**Activity**
Transcribe, word for word and without additions, each line below from the one containing "#15=CARTESIAN_POINT('',(0.,0.,0.));" through the one containing "#50=EDGE_CURVE('E317',#49,#40,#47,.F.);", both ends included.

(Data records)
_ _ _ _
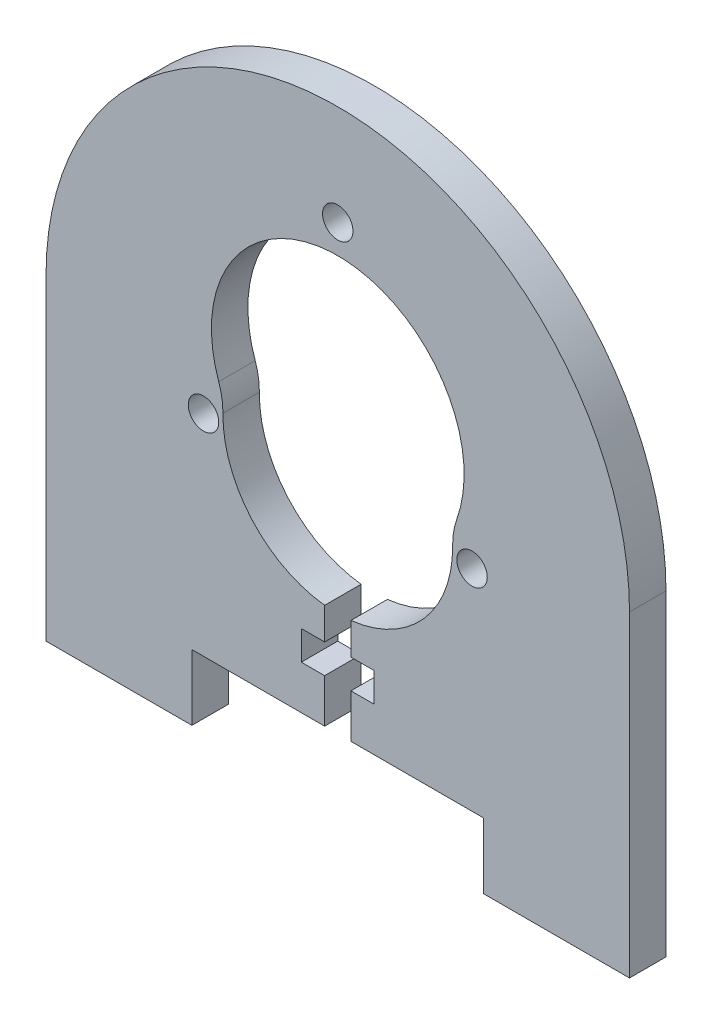
ISO-10303-21;
HEADER;
FILE_DESCRIPTION(('STEP AP214'),'2;1');
FILE_NAME('part.step','',(''),(''),'','','');
FILE_SCHEMA(('AUTOMOTIVE_DESIGN { 1 0 10303 214 1 1 1 1 }'));
ENDSEC;
DATA;
#1=APPLICATION_CONTEXT('core data for automotive mechanical design processes');
#2=APPLICATION_PROTOCOL_DEFINITION('international standard','automotive_design',2000,#1);
#3=PRODUCT_CONTEXT('',#1,'mechanical');
#4=PRODUCT('Part','Part','',(#3));
#5=PRODUCT_RELATED_PRODUCT_CATEGORY('part','',(#4));
#6=PRODUCT_DEFINITION_FORMATION('','',#4);
#7=PRODUCT_DEFINITION_CONTEXT('part definition',#1,'design');
#8=PRODUCT_DEFINITION('design','',#6,#7);
#9=PRODUCT_DEFINITION_SHAPE('','',#8);
#10=(LENGTH_UNIT() NAMED_UNIT(*) SI_UNIT(.MILLI.,.METRE.));
#11=(NAMED_UNIT(*) PLANE_ANGLE_UNIT() SI_UNIT($,.RADIAN.));
#12=(NAMED_UNIT(*) SI_UNIT($,.STERADIAN.) SOLID_ANGLE_UNIT());
#13=UNCERTAINTY_MEASURE_WITH_UNIT(LENGTH_MEASURE(1.E-05),#10,'distance_accuracy_value','');
#14=(GEOMETRIC_REPRESENTATION_CONTEXT(3) GLOBAL_UNCERTAINTY_ASSIGNED_CONTEXT((#13)) GLOBAL_UNIT_ASSIGNED_CONTEXT((#10,
#11,#12)) REPRESENTATION_CONTEXT('',''));
#15=CARTESIAN_POINT('',(0.,0.,0.));
#16=DIRECTION('',(0.,0.,1.));
#17=DIRECTION('',(1.,0.,0.));
#18=AXIS2_PLACEMENT_3D('',#15,#16,#17);
#19=CARTESIAN_POINT('',(0.,16.964919969,-0.00100000000000013));
#20=DIRECTION('',(0.,0.,1.));
#21=DIRECTION('',(1.,0.,0.));
#22=AXIS2_PLACEMENT_3D('',#19,#20,#21);
#23=CYLINDRICAL_SURFACE('',#22,11.);
#24=CARTESIAN_POINT('',(0.,16.964919969,3.175));
#25=DIRECTION('',(0.,0.,1.));
#26=DIRECTION('',(1.,0.,0.));
#27=AXIS2_PLACEMENT_3D('',#24,#25,#26);
#28=CIRCLE('',#27,11.);
#29=CARTESIAN_POINT('',(10.3652819521577,13.2824031594968,3.175));
#30=VERTEX_POINT('',#29);
#31=CARTESIAN_POINT('',(-10.3652819521577,13.2824031594968,3.175));
#32=VERTEX_POINT('',#31);
#33=EDGE_CURVE('E324',#30,#32,#28,.T.);
#34=ORIENTED_EDGE('',*,*,#33,.T.);
#35=DIRECTION('',(0.,0.,1.));
#36=VECTOR('',#35,1.);
#37=CARTESIAN_POINT('',(-10.3652819521577,13.2824031594968,-0.00100000000000013));
#38=LINE('',#37,#36);
#39=CARTESIAN_POINT('',(-10.3652819521577,13.2824031594968,0.));
#40=VERTEX_POINT('',#39);
#41=EDGE_CURVE('E55',#32,#40,#38,.F.);
#42=ORIENTED_EDGE('',*,*,#41,.T.);
#43=CARTESIAN_POINT('',(0.,16.964919969,0.));
#44=DIRECTION('',(0.,0.,-1.));
#45=DIRECTION('',(-1.,0.,0.));
#46=AXIS2_PLACEMENT_3D('',#43,#44,#45);
#47=CIRCLE('',#46,11.);
#48=CARTESIAN_POINT('',(10.3652819521577,13.2824031594968,0.));
#49=VERTEX_POINT('',#48);
#50=EDGE_CURVE('E317',#49,#40,#47,.F.);
#51=ORIENTED_EDGE('',*,*,#50,.F.);
#52=DIRECTION('',(0.,0.,1.));
#53=VECTOR('',#52,1.);
#54=CARTESIAN_POINT('',(10.3652819521577,13.2824031594968,-0.00100000000000013));
#55=LINE('',#54,#53);
#56=EDGE_CURVE('E369',#49,#30,#55,.T.);
#57=ORIENTED_EDGE('',*,*,#56,.T.);
#58=EDGE_LOOP('',(#34,#42,#51,#57));
#59=FACE_BOUND('',#58,.T.);
#60=ADVANCED_FACE('F33',(#59),#23,.F.);
#61=CARTESIAN_POINT('',(-1.14300000000001,-1.73507996900001,-0.00100000000000013));
#62=DIRECTION('',(-1.,0.,0.));
#63=DIRECTION('',(0.,-1.,0.));
#64=AXIS2_PLACEMENT_3D('',#61,#62,#63);
#65=PLANE('',#64);
#66=DIRECTION('',(0.,0.,-1.));
#67=VECTOR('',#66,1.);
#68=CARTESIAN_POINT('',(-1.14300000000001,1.03045723727027,3.175));
#69=LINE('',#68,#67);
#70=CARTESIAN_POINT('',(-1.14300000000001,1.03045723727027,3.175));
#71=VERTEX_POINT('',#70);
#72=CARTESIAN_POINT('',(-1.14300000000001,1.03045723727027,0.));
#73=VERTEX_POINT('',#72);
#74=EDGE_CURVE('E210',#71,#73,#69,.T.);
#75=ORIENTED_EDGE('',*,*,#74,.F.);
#76=DIRECTION('',(0.,-1.,0.));
#77=VECTOR('',#76,1.);
#78=CARTESIAN_POINT('',(-1.14300000000001,-1.73507996900001,3.175));
#79=LINE('',#78,#77);
#80=CARTESIAN_POINT('',(-1.14300000000001,-1.73507996900001,3.175));
#81=VERTEX_POINT('',#80);
#82=EDGE_CURVE('E269',#71,#81,#79,.T.);
#83=ORIENTED_EDGE('',*,*,#82,.T.);
#84=DIRECTION('',(0.,0.,1.));
#85=VECTOR('',#84,1.);
#86=CARTESIAN_POINT('',(-1.14300000000001,-1.73507996900001,-0.00100000000000013));
#87=LINE('',#86,#85);
#88=CARTESIAN_POINT('',(-1.14300000000001,-1.73507996900001,0.));
#89=VERTEX_POINT('',#88);
#90=EDGE_CURVE('E221',#89,#81,#87,.T.);
#91=ORIENTED_EDGE('',*,*,#90,.F.);
#92=DIRECTION('',(0.,-1.,0.));
#93=VECTOR('',#92,1.);
#94=CARTESIAN_POINT('',(-1.14300000000001,-1.73507996900001,0.));
#95=LINE('',#94,#93);
#96=EDGE_CURVE('E200',#73,#89,#95,.T.);
#97=ORIENTED_EDGE('',*,*,#96,.F.);
#98=EDGE_LOOP('',(#75,#83,#91,#97));
#99=FACE_BOUND('',#98,.T.);
#100=ADVANCED_FACE('F219',(#99),#65,.F.);
#101=CARTESIAN_POINT('',(1.14300000000001,-1.73507996900001,-0.00100000000000013));
#102=DIRECTION('',(1.,0.,0.));
#103=DIRECTION('',(0.,1.,0.));
#104=AXIS2_PLACEMENT_3D('',#101,#102,#103);
#105=PLANE('',#104);
#106=DIRECTION('',(0.,0.,-1.));
#107=VECTOR('',#106,1.);
#108=CARTESIAN_POINT('',(1.143,1.03045723727027,3.175));
#109=LINE('',#108,#107);
#110=CARTESIAN_POINT('',(1.143,1.03045723727027,0.));
#111=VERTEX_POINT('',#110);
#112=CARTESIAN_POINT('',(1.143,1.03045723727027,3.175));
#113=VERTEX_POINT('',#112);
#114=EDGE_CURVE('E361',#111,#113,#109,.F.);
#115=ORIENTED_EDGE('',*,*,#114,.F.);
#116=DIRECTION('',(0.,1.,0.));
#117=VECTOR('',#116,1.);
#118=CARTESIAN_POINT('',(1.14300000000001,-1.73507996900001,0.));
#119=LINE('',#118,#117);
#120=CARTESIAN_POINT('',(1.14300000000001,-1.73507996900001,0.));
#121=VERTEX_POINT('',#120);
_ _ _ _
**Answer**
#15=CARTESIAN_POINT('',(0.,0.,0.));
#16=DIRECTION('',(0.,0.,1.));
#17=DIRECTION('',(1.,0.,0.));
#18=AXIS2_PLACEMENT_3D('',#15,#16,#17);
#19=CARTESIAN_POINT('',(0.,16.964919969,-0.00100000000000013));
#20=DIRECTION('',(0.,0.,1.));
#21=DIRECTION('',(1.,0.,0.));
#22=AXIS2_PLACEMENT_3D('',#19,#20,#21);
#23=CYLINDRICAL_SURFACE('',#22,11.);
#24=CARTESIAN_POINT('',(0.,16.964919969,3.175));
#25=DIRECTION('',(0.,0.,1.));
#26=DIRECTION('',(1.,0.,0.));
#27=AXIS2_PLACEMENT_3D('',#24,#25,#26);
#28=CIRCLE('',#27,11.);
#29=CARTESIAN_POINT('',(10.3652819521577,13.2824031594968,3.175));
#30=VERTEX_POINT('',#29);
#31=CARTESIAN_POINT('',(-10.3652819521577,13.2824031594968,3.175));
#32=VERTEX_POINT('',#31);
#33=EDGE_CURVE('E324',#30,#32,#28,.T.);
#34=ORIENTED_EDGE('',*,*,#33,.T.);
#35=DIRECTION('',(0.,0.,1.));
#36=VECTOR('',#35,1.);
#37=CARTESIAN_POINT('',(-10.3652819521577,13.2824031594968,-0.00100000000000013));
#38=LINE('',#37,#36);
#39=CARTESIAN_POINT('',(-10.3652819521577,13.2824031594968,0.));
#40=VERTEX_POINT('',#39);
#41=EDGE_CURVE('E55',#32,#40,#38,.F.);
#42=ORIENTED_EDGE('',*,*,#41,.T.);
#43=CARTESIAN_POINT('',(0.,16.964919969,0.));
#44=DIRECTION('',(0.,0.,-1.));
#45=DIRECTION('',(-1.,0.,0.));
#46=AXIS2_PLACEMENT_3D('',#43,#44,#45);
#47=CIRCLE('',#46,11.);
#48=CARTESIAN_POINT('',(10.3652819521577,13.2824031594968,0.));
#49=VERTEX_POINT('',#48);
#50=EDGE_CURVE('E317',#49,#40,#47,.F.);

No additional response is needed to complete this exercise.